Esse contato direto com o consumo cotidiano ajuda a entender como o comportamento coletivo durante a Copa impacta decisões de compra. “O consumidor se torna mais social, assiste em grupo, compartilha opiniões nas redes, vibra junto e sofre junto. É nessa vulnerabilidade emocional que as marcas conseguem criar algo que vai além da venda: memória afetiva e experiência.”

Com a Copa de 2026 prevista para os Estados Unidos, Canadá e México, o cenário tende a ganhar novos elementos. A expectativa é de integração entre estratégias baseadas em dados, comuns no mercado americano, e a espontaneidade que marca o consumo brasileiro. “Na Copa sediada nos EUA esses dois mundos vão se encontrar e quem tem leitura bicultural sai na frente”, afirma.
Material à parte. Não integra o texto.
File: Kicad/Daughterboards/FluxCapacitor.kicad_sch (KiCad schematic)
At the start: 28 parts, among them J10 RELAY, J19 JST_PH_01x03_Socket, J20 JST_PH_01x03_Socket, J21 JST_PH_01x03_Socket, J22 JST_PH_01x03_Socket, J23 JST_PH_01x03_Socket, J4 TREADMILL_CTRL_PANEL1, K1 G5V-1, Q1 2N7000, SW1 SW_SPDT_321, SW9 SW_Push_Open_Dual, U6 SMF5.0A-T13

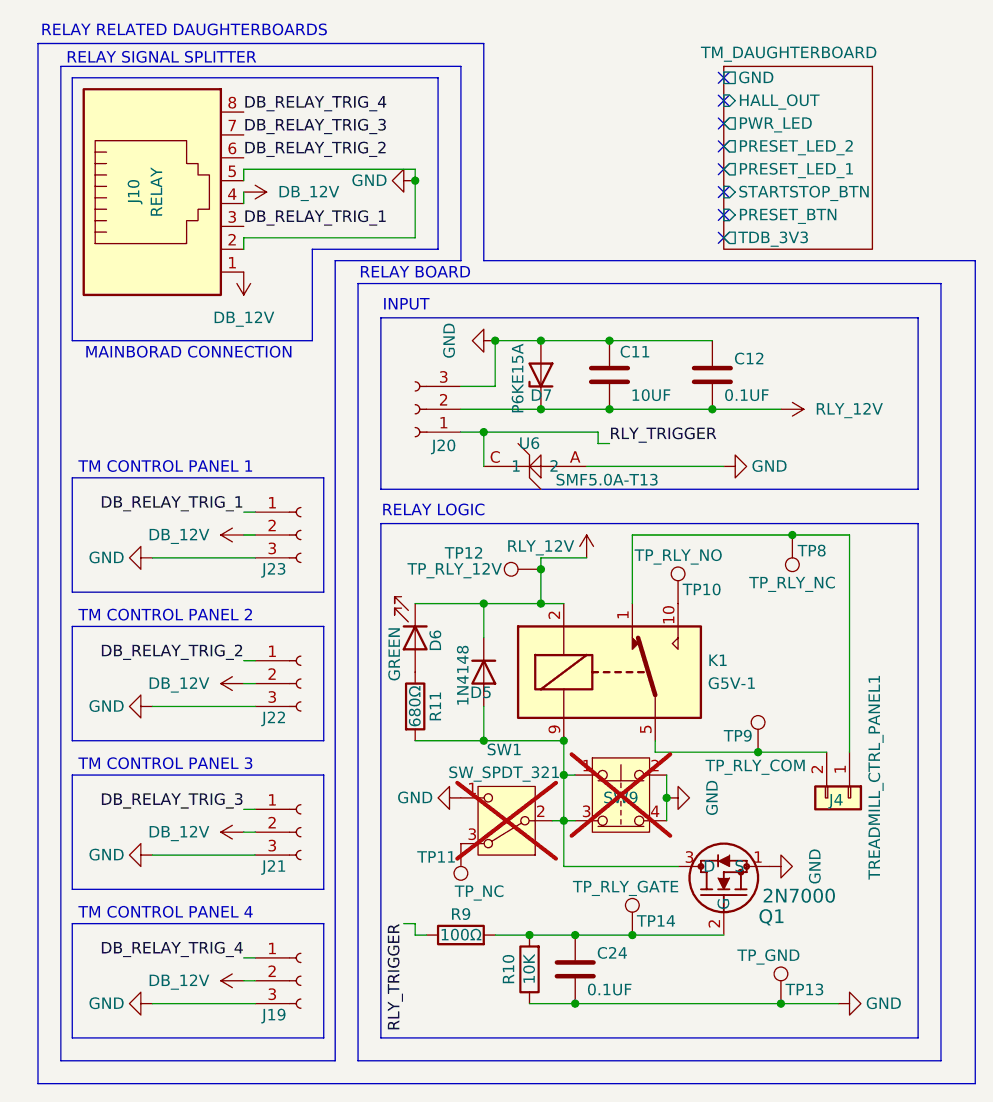
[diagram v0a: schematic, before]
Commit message: Finished project
Made daughterboard pcbs, fixed silkscreen errors on mainboard pcb, generated GERBERs and drill files
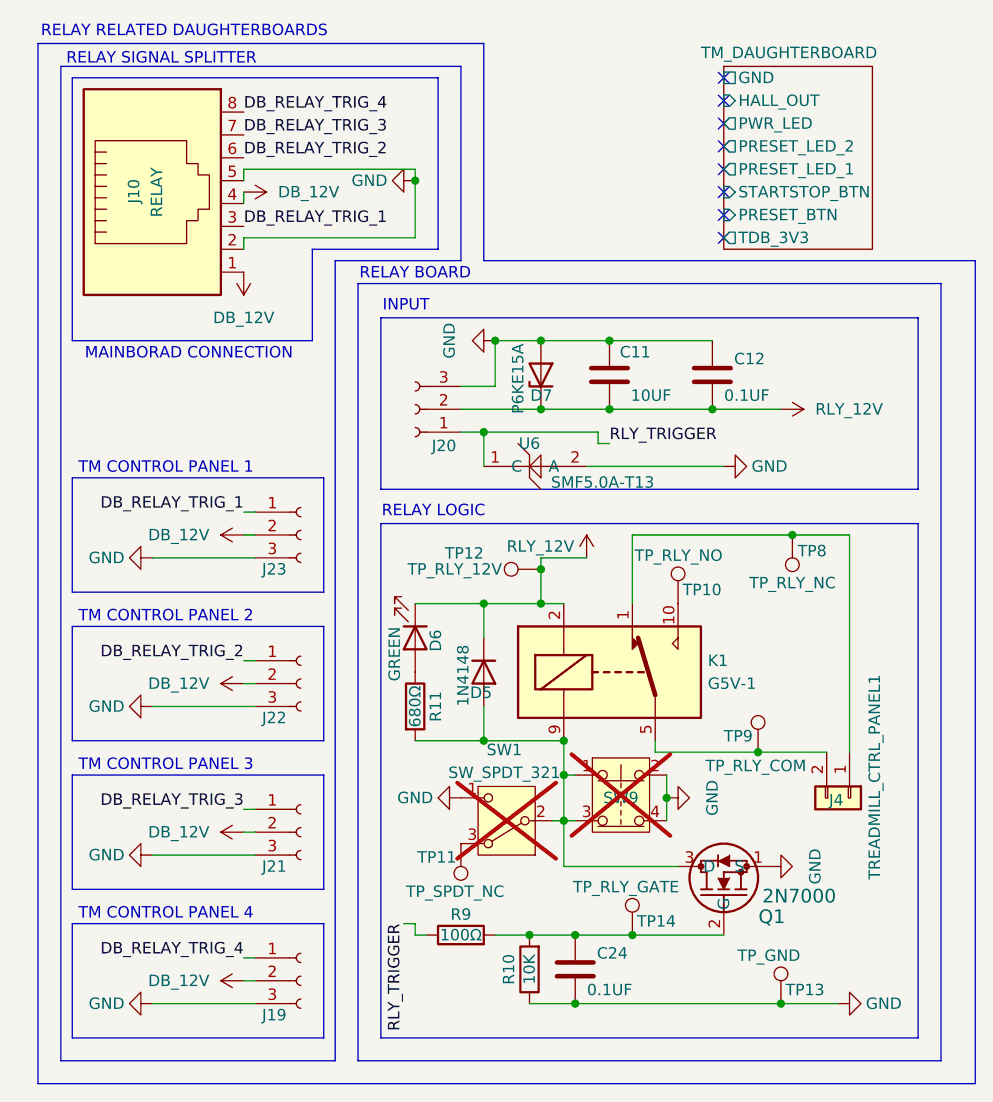
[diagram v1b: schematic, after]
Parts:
- TP11: value TP_NC -> TP_SPDT_NC
- U6: footprint FluxCapacitor:SMF5.0A-T13 -> (none)
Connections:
- net GND: now also U6.2 (A); no longer U6.A (2)
- net RLY_TRIGGER: now also U6.1 (C); no longer U6.C (1)
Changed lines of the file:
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@@
 	)
 	(junction
-		(at 227.33 90.17)
-		(diameter 0)
-		(color 0 0 0 0)
-	)
-	(junction
 		(at 241.3 87.63)
 		(diameter 0)
@@
 	)
 	(junction
+		(at 227.33 90.17)
+		(diameter 0)
+		(color 0 0 0 0)
+	)
+	(junction
 		(at 233.68 105.41)
 		(diameter 0)
@@
 		)
 		(property "Value" "SMF5.0A-T13"
-			(at 241.046 95.504 0)
+			(at 240.538 95.758 0)
 			(show_name no)
 			(do_not_autoplace no)
@@
 			)
 		)
-		(property "Footprint" "FluxCapacitor:SMF5.0A-T13"
+		(property "Footprint" ""
 			(at 232.41 93.98 0)
 			(hide yes)
@@
 			)
 		)
-		(pin "C"
+		(pin "1"
 		)
-		(pin "A"
+		(pin "2"
 		)
 		(instances
@@
 			)
 		)
-		(property "Value" "TP_NC"
+		(property "Value" "TP_SPDT_NC"
 			(at 229.616 141.224 0)
 			(show_name no)
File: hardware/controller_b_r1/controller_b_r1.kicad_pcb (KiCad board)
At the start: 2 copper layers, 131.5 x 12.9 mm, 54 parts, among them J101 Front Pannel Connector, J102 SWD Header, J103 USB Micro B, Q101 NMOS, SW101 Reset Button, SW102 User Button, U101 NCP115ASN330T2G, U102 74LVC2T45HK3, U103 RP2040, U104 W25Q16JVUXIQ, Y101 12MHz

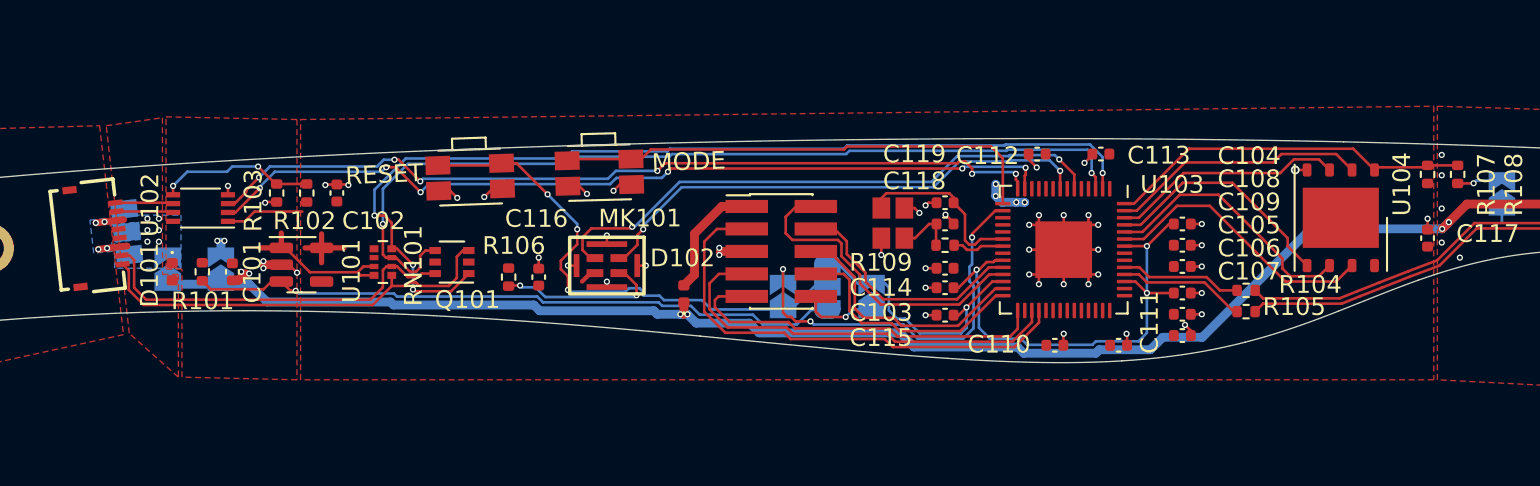
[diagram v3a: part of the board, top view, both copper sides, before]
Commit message: First pass at the rev 2 power board.
Only did copper layers on the power board so far. Waiting to decide on a PCB fab house then I'll go back and make sure it's compliant (looking mostly at how close I can pack vias). Starting on the nucleo programmer shield next. Added a voltage divider to the enable pin on the 3V3 vreg on the controller board so it only switches on when there is enough input voltage for correct 3V3 output. I did this because I read somewhere that the RP2040 can power on at a lower voltage than a lot of flash chips and if that happens it gets into a weird state so I'm trying to make sure 3V3 comes on as quickly and sharply as possible.
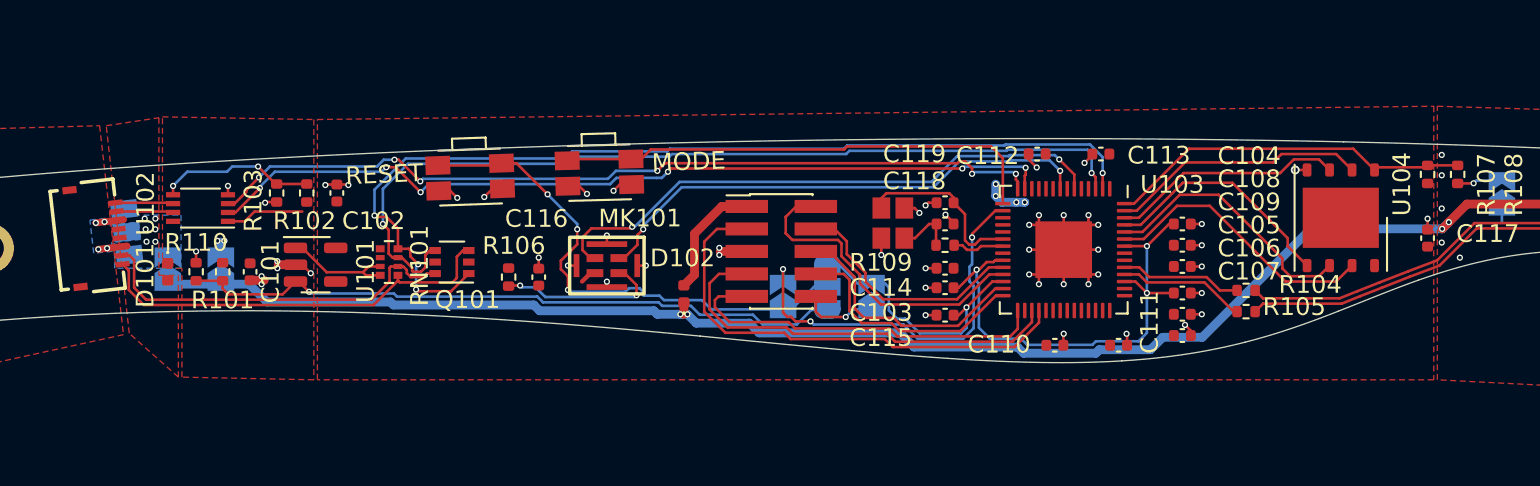
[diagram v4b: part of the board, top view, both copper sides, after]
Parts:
- added R110: 15k, Resistor_SMD:R_0402_1005Metric, F.Cu at (117.3, 107.7)
- R101: value 10k -> 75k
- moved R101 1.15 mm to (118.8, 107.7)
- moved C101 1.00 mm to (120.3, 107.7)
- moved U101 0.80 mm to (124.0, 107.3)
- moved RN101 0.35 mm to (128.2, 107.2)
- moved D101 0.25 mm to (115.7, 107.7)
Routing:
- net +3V3: track 11.6 -> 7.81 mm
- net +5V: track 9.34 -> 6.89 mm
- net /3V3_EN: track 37.0 -> 37.9 mm
- net GND: track 56.0 -> 56.6 mm, vias 67 -> 68

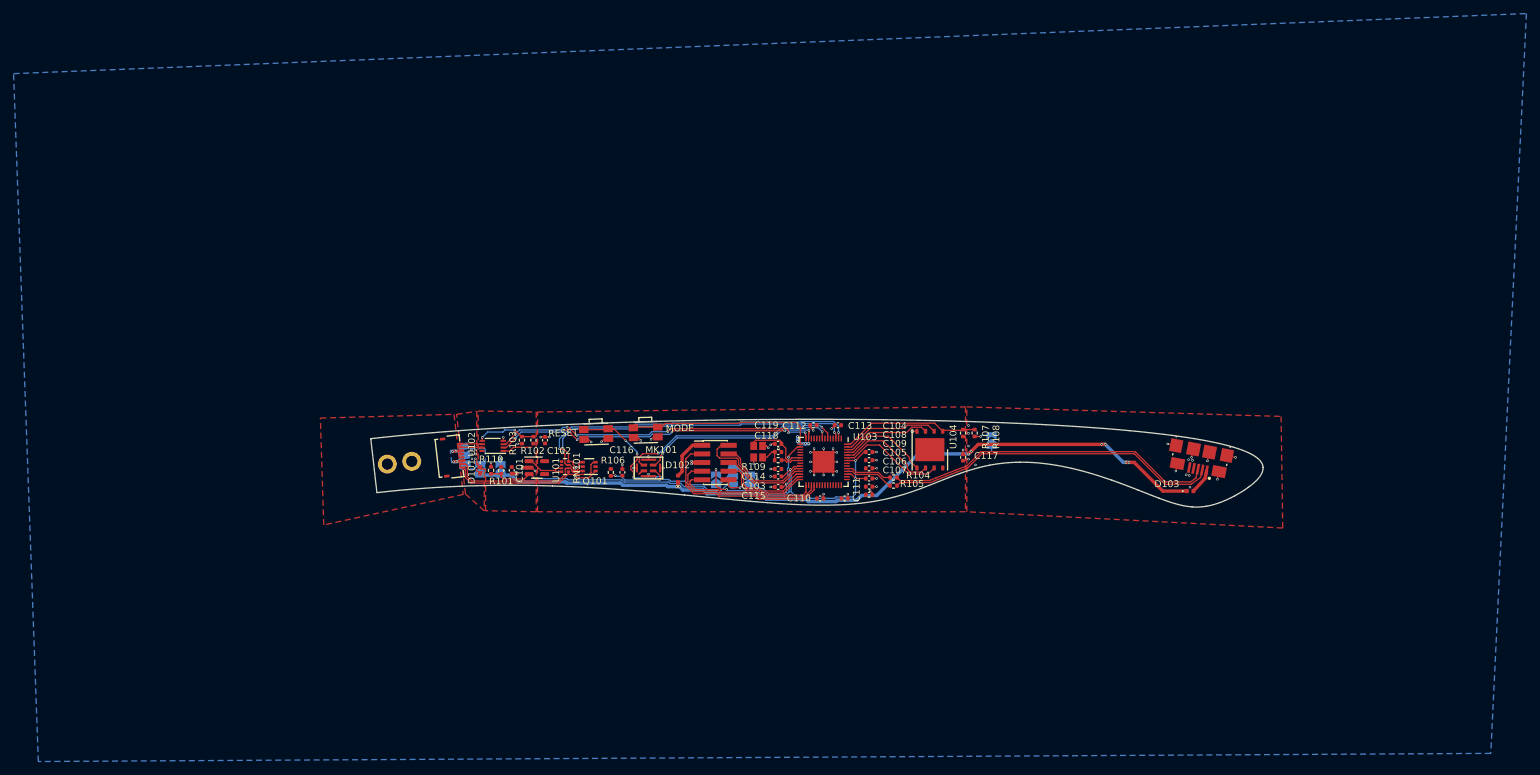
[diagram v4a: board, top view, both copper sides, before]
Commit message: Next revision of the boards are finished and ready for fabrication, and a BOM has been added.
The BOM is still missing components for the nucleo shield.
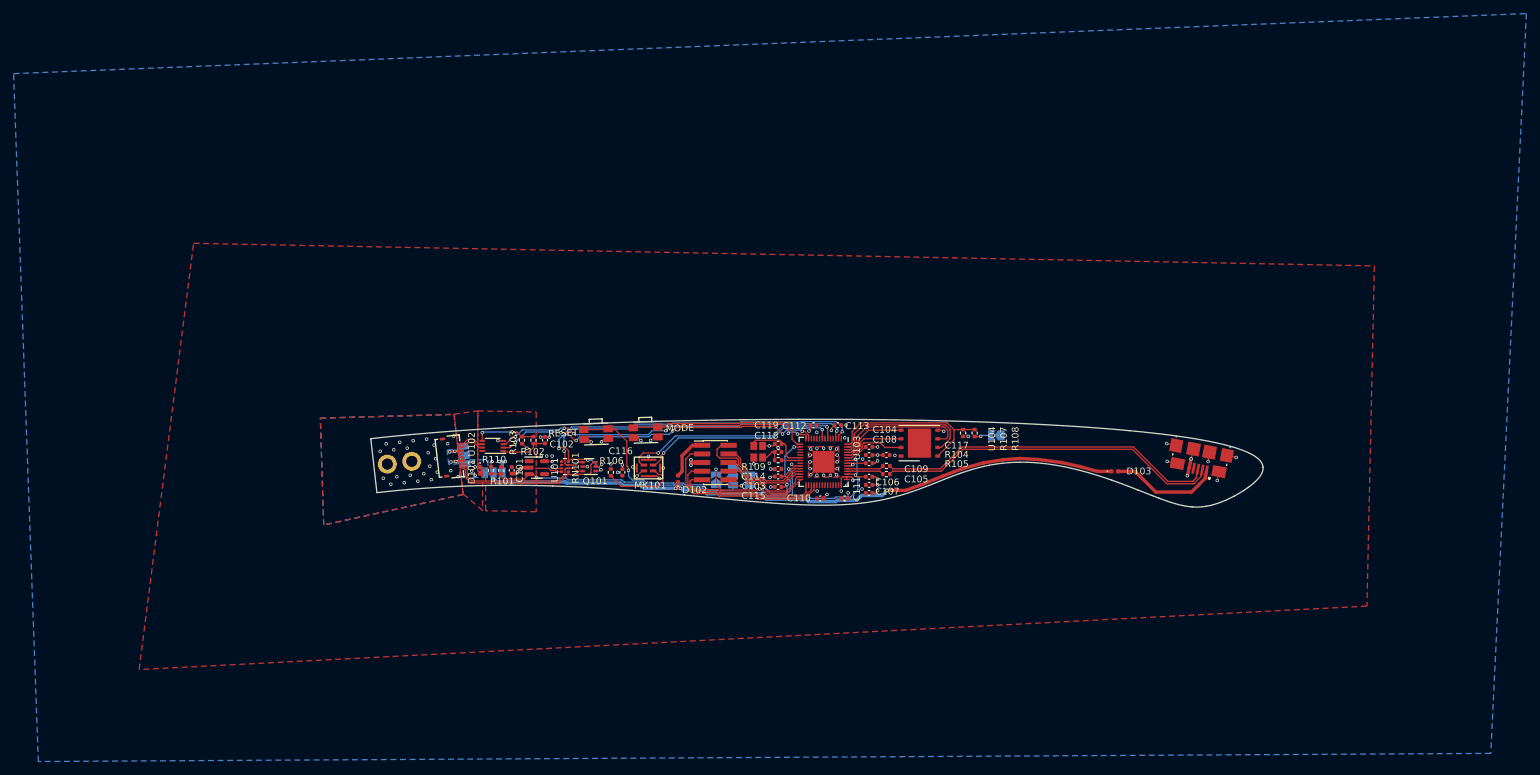
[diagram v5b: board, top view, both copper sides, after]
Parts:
- removed JP103: SolderJumper_2_Open, Jumper:SolderJumper-2_P1.3mm_Open_TrianglePad1.0x1.5mm
- JP102: value SolderJumper_2_Open -> SolderJumper_3_Open; footprint Jumper:SolderJumper-2_P1.3mm_Open_TrianglePad1.0x1.5mm -> rave_shades:SolderJumper-3_P1.3mm_Open_Pad1.0x1.5mm
- JP104: footprint Jumper:SolderJumper-3_P1.3mm_Open_RoundedPad1.0x1.5mm -> rave_shades:SolderJumper-3_P1.3mm_Open_Pad1.0x1.5mm
- JP107: footprint Jumper:SolderJumper-3_P1.3mm_Open_Pad1.0x1.5mm -> rave_shades:SolderJumper-3_P1.3mm_Open_Pad1.0x1.5mm
- SW101: value Reset Button -> User Button
- moved D103 11.5 mm to (209.2, 107.8)
- moved C117 11.3 mm to (175.6, 105.5), turned to 180 degrees
- moved JP102 2.00 mm to (117.7, 108.0), turned to 180 degrees
- moved R104 2.00 mm to (175.6, 107.0)
- moved R105 2.00 mm to (175.6, 108.2)
- moved U104 1.81 mm to (180.4, 103.7), turned to 180 degrees
- moved JP106 1.03 mm to (191.8, 102.5), turned to 180 degrees
- moved C104 0.75 mm to (173.0, 104.2)
- moved C108 0.75 mm to (173.0, 105.5)
- moved C109 0.75 mm to (173.0, 106.7)
- moved C105 0.25 mm to (173.0, 108.7)
- moved C106 0.25 mm to (173.0, 109.8)
- moved C107 0.25 mm to (173.0, 111.0)
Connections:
- J101 pad 9: GND -> unconnected-(J101-Pad9)
- JP102 pad 1: VBUS -> +5V
- JP102 pad 2: VDD -> VBUS
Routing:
- net VBUS: track 114.3 -> 97.4 mm, vias 8 -> 4
- net GND: track 56.6 -> 72.0 mm, vias 68 -> 82
- net /VDD_USB: track 3.66 -> 16.0 mm
- net +3V3: track 7.81 -> 17.6 mm, vias 4 -> 24
- net /FLASH_IO1: track 14.5 -> 21.4 mm
- net /FLASH_IO2: track 13.2 -> 19.6 mm
- net /FLASH_IO3: track 15.8 -> 9.36 mm
- net /FLASH_CLK: track 14.9 -> 9.27 mm
- net /FLASH_nCS: track 20.7 -> 26.3 mm
- net /FLASH_IO0: track 13.5 -> 9.73 mm
- net /USB_D_TERM_N: track 7.22 -> 5.49 mm
- net /USB_D_TERM_P: track 6.89 -> 5.49 mm
- net /USB_D_P: track 48.9 -> 50.3 mm
- net /MIC_SELECT: track 9.40 -> 10.8 mm, vias 2 -> 0
- net /USB_D_N: track 49.5 -> 50.9 mm
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- added copper zone on In2.Cu, net +3V3
- added copper zone on In1.Cu, net GND
- added copper zone on In2.Cu, net GND
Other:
- copper layers 2 -> 4
- board text added: "1.5A"
- board text added: "3A"
- board text added: "ANOTHER LAMAL AND DARDY CREATION"
- board text added: "CONTROLLER B REV 1"
- board text added: "PASS THROUGH"
- board text removed: "PASS THR- OUGH"
- board text removed: "PWR SEL"
- board text removed: "VDD+GND CABLE SEL JUST VDD"

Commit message: Updated kicad files to work with latest kicad. Added some todos for next hw design.
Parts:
- U102: value 74LVC2T45HK3 -> 74LVCH2T45DC,125
- U104: value W25Q16JVUXIQ -> W25Q16JVZPIQ
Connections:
- J101 pad 9: unconnected-(J101-Pad9) -> (no net)
- J103 pad 4: unconnected-(J103-Pad4) -> (no net)
- U103 pad 11: unconnected-(U103-Pad11) -> (no net)
- U103 pad 12: unconnected-(U103-Pad12) -> (no net)
- U103 pad 17: unconnected-(U103-Pad17) -> (no net)
- U103 pad 18: unconnected-(U103-Pad18) -> (no net)
- U103 pad 19: unconnected-(U103-Pad19) -> (no net)
- U103 pad 30: unconnected-(U103-Pad30) -> (no net)
- U103 pad 34: unconnected-(U103-Pad34) -> (no net)
- U103 pad 35: unconnected-(U103-Pad35) -> (no net)
- U103 pad 36: unconnected-(U103-Pad36) -> (no net)
- U103 pad 37: unconnected-(U103-Pad37) -> (no net)
- U103 pad 38: unconnected-(U103-Pad38) -> (no net)
- U103 pad 39: unconnected-(U103-Pad39) -> (no net)
- U103 pad 4: unconnected-(U103-Pad4) -> (no net)
- U103 pad 40: unconnected-(U103-Pad40) -> (no net)
- U103 pad 41: unconnected-(U103-Pad41) -> (no net)
- U103 pad 5: unconnected-(U103-Pad5) -> (no net)
- U103 pad 7: unconnected-(U103-Pad7) -> (no net)
- U103 pad 9: unconnected-(U103-Pad9) -> (no net)
- U104 pad 9: unconnected-(U104-Pad9) -> (no net)

Além disso, o peso da comunidade latina deve influenciar diretamente o mercado. “Os EUA têm mais de 60 milhões de latinos apaixonados pelo esporte, inseridos na cultura digital e prontos para transformar cada jogo em uma celebração coletiva”, diz.

No ambiente digital, a disputa por atenção tende a se concentrar em plataformas de resposta rápida. “O TikTok é a plataforma do momento imediato: reação ao gol, memes. O Instagram funciona para narrativas mais construídas, e o X segue como espaço de debate ao vivo”, explica.

Mas a velocidade não elimina a necessidade de estratégia. “Estar pronto não significa improvisar. Significa ter planejado tanto que, quando o imprevisto acontece, você consegue reagir em minutos com qualidade”, afirma.

A atuação de Mayra também inclui participação no comitê de marketing da AMA San Diego, braço local da American Marketing Association, entidade que reúne mais de 30 mil profissionais nos Estados Unidos. A experiência ampliou sua visão sobre planejamento de campanhas e eventos. “É uma oportunidade de colaborar com profissionais altamente qualificados e contribuir com estratégias reais para uma organização de referência internacional”, diz.

Para empresas com menor orçamento, o caminho passa por proximidade e autenticidade. “O restaurante que transmite o jogo ao vivo e posta a reação da mesa, o bar que cria um drink temático; esse é o tipo de conteúdo que as pessoas querem ver e compartilhar”, afirma.

Entre os erros mais comuns, ela aponta a tentativa de participar do evento sem estratégia definida. “Marcas que simplesmente colocam uma bola de futebol na arte e publicam ‘bora Brasil’ não geram nenhum valor. O público percebe isso imediatamente”, conta.

A experiência no Brasil, segundo ela, segue como base do trabalho atual. “O brasileiro aprende a se adaptar, a encontrar solução com o que tem. Aqui nos EUA, essa habilidade vale ouro”, afirma.

Diante de um evento que mobiliza o mundo, a oportunidade existe, mas não é automática. “Qualquer marca pode comprar um anúncio, mas durante a Copa as pessoas estão abertas de um jeito diferente. Para quem entende o contexto, é um acelerador de negócios”, resume.

No fim, a lógica segue a do próprio futebol. “A diferença é a mesma entre um ‘gol qualquer’ e um golaço: um resolve o jogo, o outro faz história.”